▶ _PROBLEM DETAILS_: Would you copy the records exactly, leaving the pictures out?

▶ _EXERCISE INPUT_:
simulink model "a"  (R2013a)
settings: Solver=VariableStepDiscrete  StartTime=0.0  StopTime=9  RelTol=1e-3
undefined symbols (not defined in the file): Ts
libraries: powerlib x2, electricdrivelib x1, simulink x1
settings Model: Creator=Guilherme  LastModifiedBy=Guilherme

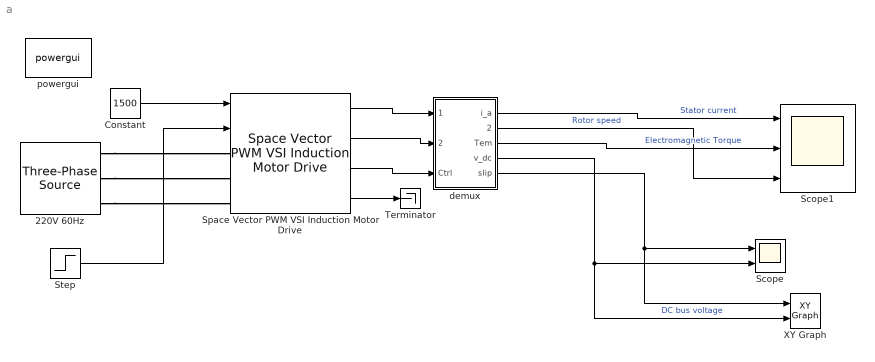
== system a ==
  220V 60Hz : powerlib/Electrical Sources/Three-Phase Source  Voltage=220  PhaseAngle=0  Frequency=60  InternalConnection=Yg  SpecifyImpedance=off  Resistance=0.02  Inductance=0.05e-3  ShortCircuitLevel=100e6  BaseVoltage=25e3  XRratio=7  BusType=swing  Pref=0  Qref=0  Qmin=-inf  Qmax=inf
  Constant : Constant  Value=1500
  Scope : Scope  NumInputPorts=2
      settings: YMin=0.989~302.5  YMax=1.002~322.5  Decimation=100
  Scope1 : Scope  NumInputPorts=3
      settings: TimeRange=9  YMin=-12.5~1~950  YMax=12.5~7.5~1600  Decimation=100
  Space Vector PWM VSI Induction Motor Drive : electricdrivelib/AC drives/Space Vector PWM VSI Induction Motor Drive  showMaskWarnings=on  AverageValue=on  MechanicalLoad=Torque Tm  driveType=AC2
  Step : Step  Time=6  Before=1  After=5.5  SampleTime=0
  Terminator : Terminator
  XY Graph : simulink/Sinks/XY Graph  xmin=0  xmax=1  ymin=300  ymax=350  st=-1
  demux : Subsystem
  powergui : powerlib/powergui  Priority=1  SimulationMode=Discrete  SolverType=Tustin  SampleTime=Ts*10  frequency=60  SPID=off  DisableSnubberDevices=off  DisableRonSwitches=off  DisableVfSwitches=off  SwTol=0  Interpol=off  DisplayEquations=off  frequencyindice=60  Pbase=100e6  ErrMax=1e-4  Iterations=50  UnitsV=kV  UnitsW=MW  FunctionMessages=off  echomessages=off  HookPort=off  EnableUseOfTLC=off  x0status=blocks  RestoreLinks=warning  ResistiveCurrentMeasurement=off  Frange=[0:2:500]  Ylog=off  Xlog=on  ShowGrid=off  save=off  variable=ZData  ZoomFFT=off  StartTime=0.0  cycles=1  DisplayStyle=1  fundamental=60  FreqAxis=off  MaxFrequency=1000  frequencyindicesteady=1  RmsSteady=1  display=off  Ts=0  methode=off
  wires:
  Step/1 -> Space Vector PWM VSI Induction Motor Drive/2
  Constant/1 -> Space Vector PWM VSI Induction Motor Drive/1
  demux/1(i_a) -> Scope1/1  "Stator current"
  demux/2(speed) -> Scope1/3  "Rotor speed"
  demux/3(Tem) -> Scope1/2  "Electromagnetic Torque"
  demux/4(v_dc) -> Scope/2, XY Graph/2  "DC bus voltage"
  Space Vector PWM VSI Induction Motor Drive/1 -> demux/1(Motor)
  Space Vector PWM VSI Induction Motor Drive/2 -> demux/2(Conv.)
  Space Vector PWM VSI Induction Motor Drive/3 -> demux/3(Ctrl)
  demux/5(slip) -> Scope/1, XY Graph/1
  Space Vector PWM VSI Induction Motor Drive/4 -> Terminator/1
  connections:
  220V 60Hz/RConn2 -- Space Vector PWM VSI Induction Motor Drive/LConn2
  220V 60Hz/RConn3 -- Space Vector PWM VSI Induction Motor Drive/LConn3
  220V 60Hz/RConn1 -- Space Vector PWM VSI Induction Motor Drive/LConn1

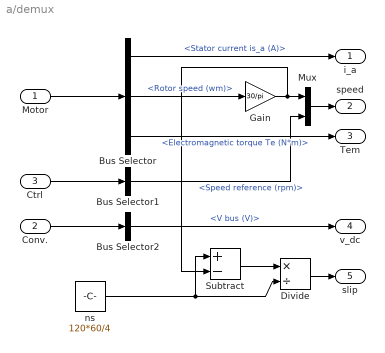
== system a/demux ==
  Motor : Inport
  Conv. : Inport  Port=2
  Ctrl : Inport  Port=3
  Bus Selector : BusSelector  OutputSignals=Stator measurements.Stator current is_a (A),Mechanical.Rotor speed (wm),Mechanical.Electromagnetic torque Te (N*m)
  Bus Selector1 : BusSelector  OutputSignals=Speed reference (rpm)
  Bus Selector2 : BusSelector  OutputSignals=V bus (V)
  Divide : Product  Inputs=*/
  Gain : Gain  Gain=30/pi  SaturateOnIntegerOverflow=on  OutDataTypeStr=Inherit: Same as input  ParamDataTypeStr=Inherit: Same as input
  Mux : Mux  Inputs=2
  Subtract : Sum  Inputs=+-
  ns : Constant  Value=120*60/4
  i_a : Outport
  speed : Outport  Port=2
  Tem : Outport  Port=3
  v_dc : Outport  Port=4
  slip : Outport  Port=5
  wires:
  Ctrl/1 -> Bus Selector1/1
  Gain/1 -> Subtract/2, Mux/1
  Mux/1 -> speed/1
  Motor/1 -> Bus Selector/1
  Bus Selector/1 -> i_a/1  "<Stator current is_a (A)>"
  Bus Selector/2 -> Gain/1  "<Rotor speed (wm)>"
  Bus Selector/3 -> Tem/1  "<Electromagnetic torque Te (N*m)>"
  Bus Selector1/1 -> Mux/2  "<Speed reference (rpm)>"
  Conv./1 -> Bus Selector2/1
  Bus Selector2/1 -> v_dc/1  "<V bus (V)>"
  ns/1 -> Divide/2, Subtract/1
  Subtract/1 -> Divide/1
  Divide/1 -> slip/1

▶ _ANSWER TO THIS PROBLEM_:
simulink model "a"  (R2013a)
settings: Solver=VariableStepDiscrete  StartTime=0.0  StopTime=9  RelTol=1e-3
undefined symbols (not defined in the file): Ts
libraries: powerlib x2, electricdrivelib x1, simulink x1
settings Model: Creator=Guilherme  LastModifiedBy=Guilherme

== system a ==
  220V 60Hz : powerlib/Electrical Sources/Three-Phase Source  Voltage=220  PhaseAngle=0  Frequency=60  InternalConnection=Yg  SpecifyImpedance=off  Resistance=0.02  Inductance=0.05e-3  ShortCircuitLevel=100e6  BaseVoltage=25e3  XRratio=7  BusType=swing  Pref=0  Qref=0  Qmin=-inf  Qmax=inf
  Constant : Constant  Value=1500
  Scope : Scope  NumInputPorts=2
      settings: YMin=0.989~302.5  YMax=1.002~322.5  Decimation=100
  Scope1 : Scope  NumInputPorts=3
      settings: TimeRange=9  YMin=-12.5~1~950  YMax=12.5~7.5~1600  Decimation=100
  Space Vector PWM VSI Induction Motor Drive : electricdrivelib/AC drives/Space Vector PWM VSI Induction Motor Drive  showMaskWarnings=on  AverageValue=on  MechanicalLoad=Torque Tm  driveType=AC2
  Step : Step  Time=6  Before=1  After=5.5  SampleTime=0
  Terminator : Terminator
  XY Graph : simulink/Sinks/XY Graph  xmin=0  xmax=1  ymin=300  ymax=350  st=-1
  demux : Subsystem
  powergui : powerlib/powergui  Priority=1  SimulationMode=Discrete  SolverType=Tustin  SampleTime=Ts*10  frequency=60  SPID=off  DisableSnubberDevices=off  DisableRonSwitches=off  DisableVfSwitches=off  SwTol=0  Interpol=off  DisplayEquations=off  frequencyindice=60  Pbase=100e6  ErrMax=1e-4  Iterations=50  UnitsV=kV  UnitsW=MW  FunctionMessages=off  echomessages=off  HookPort=off  EnableUseOfTLC=off  x0status=blocks  RestoreLinks=warning  ResistiveCurrentMeasurement=off  Frange=[0:2:500]  Ylog=off  Xlog=on  ShowGrid=off  save=off  variable=ZData  ZoomFFT=off  StartTime=0.0  cycles=1  DisplayStyle=1  fundamental=60  FreqAxis=off  MaxFrequency=1000  frequencyindicesteady=1  RmsSteady=1  display=off  Ts=0  methode=off
  wires:
  Step/1 -> Space Vector PWM VSI Induction Motor Drive/2
  Constant/1 -> Space Vector PWM VSI Induction Motor Drive/1
  demux/1(i_a) -> Scope1/1  "Stator current"
  demux/2(speed) -> Scope1/3  "Rotor speed"
  demux/3(Tem) -> Scope1/2  "Electromagnetic Torque"
  demux/4(v_dc) -> Scope/2, XY Graph/2  "DC bus voltage"
  Space Vector PWM VSI Induction Motor Drive/1 -> demux/1(Motor)
  Space Vector PWM VSI Induction Motor Drive/2 -> demux/2(Conv.)
  Space Vector PWM VSI Induction Motor Drive/3 -> demux/3(Ctrl)
  demux/5(slip) -> Scope/1, XY Graph/1
  Space Vector PWM VSI Induction Motor Drive/4 -> Terminator/1
  connections:
  220V 60Hz/RConn2 -- Space Vector PWM VSI Induction Motor Drive/LConn2
  220V 60Hz/RConn3 -- Space Vector PWM VSI Induction Motor Drive/LConn3
  220V 60Hz/RConn1 -- Space Vector PWM VSI Induction Motor Drive/LConn1

== system a/demux ==
  Motor : Inport
  Conv. : Inport  Port=2
  Ctrl : Inport  Port=3
  Bus Selector : BusSelector  OutputSignals=Stator measurements.Stator current is_a (A),Mechanical.Rotor speed (wm),Mechanical.Electromagnetic torque Te (N*m)
  Bus Selector1 : BusSelector  OutputSignals=Speed reference (rpm)
  Bus Selector2 : BusSelector  OutputSignals=V bus (V)
  Divide : Product  Inputs=*/
  Gain : Gain  Gain=30/pi  SaturateOnIntegerOverflow=on  OutDataTypeStr=Inherit: Same as input  ParamDataTypeStr=Inherit: Same as input
  Mux : Mux  Inputs=2
  Subtract : Sum  Inputs=+-
  ns : Constant  Value=120*60/4
  i_a : Outport
  speed : Outport  Port=2
  Tem : Outport  Port=3
  v_dc : Outport  Port=4
  slip : Outport  Port=5
  wires:
  Ctrl/1 -> Bus Selector1/1
  Gain/1 -> Subtract/2, Mux/1
  Mux/1 -> speed/1
  Motor/1 -> Bus Selector/1
  Bus Selector/1 -> i_a/1  "<Stator current is_a (A)>"
  Bus Selector/2 -> Gain/1  "<Rotor speed (wm)>"
  Bus Selector/3 -> Tem/1  "<Electromagnetic torque Te (N*m)>"
  Bus Selector1/1 -> Mux/2  "<Speed reference (rpm)>"
  Conv./1 -> Bus Selector2/1
  Bus Selector2/1 -> v_dc/1  "<V bus (V)>"
  ns/1 -> Divide/2, Subtract/1
  Subtract/1 -> Divide/1
  Divide/1 -> slip/1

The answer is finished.